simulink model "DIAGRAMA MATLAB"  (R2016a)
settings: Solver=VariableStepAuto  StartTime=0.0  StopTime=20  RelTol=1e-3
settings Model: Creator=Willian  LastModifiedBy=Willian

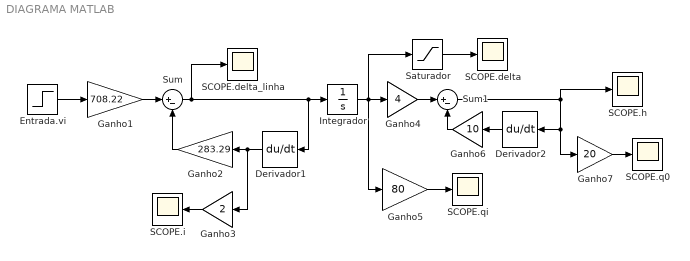
== system DIAGRAMA MATLAB ==
  Derivador1 : Derivative
  Derivador2 : Derivative
  Entrada.vi : Step  After=0.2  SampleTime=0
  Ganho1 : Gain  Gain=708.22
  Ganho2 : Gain  Gain=283.29
  Ganho3 : Gain  Gain=2
  Ganho4 : Gain  Gain=4
  Ganho5 : Gain  Gain=80
  Ganho6 : Gain  Gain=10
  Ganho7 : Gain  Gain=20
  Integrador : Integrator
  SCOPE.delta : Scope
  SCOPE.delta_linha : Scope
  SCOPE.h : Scope
  SCOPE.i : Scope
  SCOPE.q0 : Scope
  SCOPE.qi : Scope
  Saturador : Saturate  UpperLimit=2*pi  LowerLimit=0
  Sum : Sum  Inputs=|+-
  Sum1 : Sum  Inputs=|+-
  wires:
  Entrada.vi/1 -> Ganho1/1
  Ganho1/1 -> Sum/1
  Sum/1 -> Derivador1/1, Integrador/1, SCOPE.delta_linha/1
  Derivador1/1 -> Ganho3/1, Ganho2/1
  Ganho2/1 -> Sum/2
  Ganho3/1 -> SCOPE.i/1
  Integrador/1 -> Saturador/1, Ganho5/1, Ganho4/1
  Ganho5/1 -> SCOPE.qi/1
  Ganho4/1 -> Sum1/1
  Ganho7/1 -> SCOPE.q0/1
  Derivador2/1 -> Ganho6/1
  Ganho6/1 -> Sum1/2
  Saturador/1 -> SCOPE.delta/1
  Sum1/1 -> SCOPE.h/1, Derivador2/1, Ganho7/1

**WHAT IS BEING ASKED:** The whole listing should be printed again exactly as written, images excluded.

**RESPONSE TO THE TASK:**
simulink model "DIAGRAMA MATLAB"  (R2016a)
settings: Solver=VariableStepAuto  StartTime=0.0  StopTime=20  RelTol=1e-3
settings Model: Creator=Willian  LastModifiedBy=Willian

== system DIAGRAMA MATLAB ==
  Derivador1 : Derivative
  Derivador2 : Derivative
  Entrada.vi : Step  After=0.2  SampleTime=0
  Ganho1 : Gain  Gain=708.22
  Ganho2 : Gain  Gain=283.29
  Ganho3 : Gain  Gain=2
  Ganho4 : Gain  Gain=4
  Ganho5 : Gain  Gain=80
  Ganho6 : Gain  Gain=10
  Ganho7 : Gain  Gain=20
  Integrador : Integrator
  SCOPE.delta : Scope
  SCOPE.delta_linha : Scope
  SCOPE.h : Scope
  SCOPE.i : Scope
  SCOPE.q0 : Scope
  SCOPE.qi : Scope
  Saturador : Saturate  UpperLimit=2*pi  LowerLimit=0
  Sum : Sum  Inputs=|+-
  Sum1 : Sum  Inputs=|+-
  wires:
  Entrada.vi/1 -> Ganho1/1
  Ganho1/1 -> Sum/1
  Sum/1 -> Derivador1/1, Integrador/1, SCOPE.delta_linha/1
  Derivador1/1 -> Ganho3/1, Ganho2/1
  Ganho2/1 -> Sum/2
  Ganho3/1 -> SCOPE.i/1
  Integrador/1 -> Saturador/1, Ganho5/1, Ganho4/1
  Ganho5/1 -> SCOPE.qi/1
  Ganho4/1 -> Sum1/1
  Ganho7/1 -> SCOPE.q0/1
  Derivador2/1 -> Ganho6/1
  Ganho6/1 -> Sum1/2
  Saturador/1 -> SCOPE.delta/1
  Sum1/1 -> SCOPE.h/1, Derivador2/1, Ganho7/1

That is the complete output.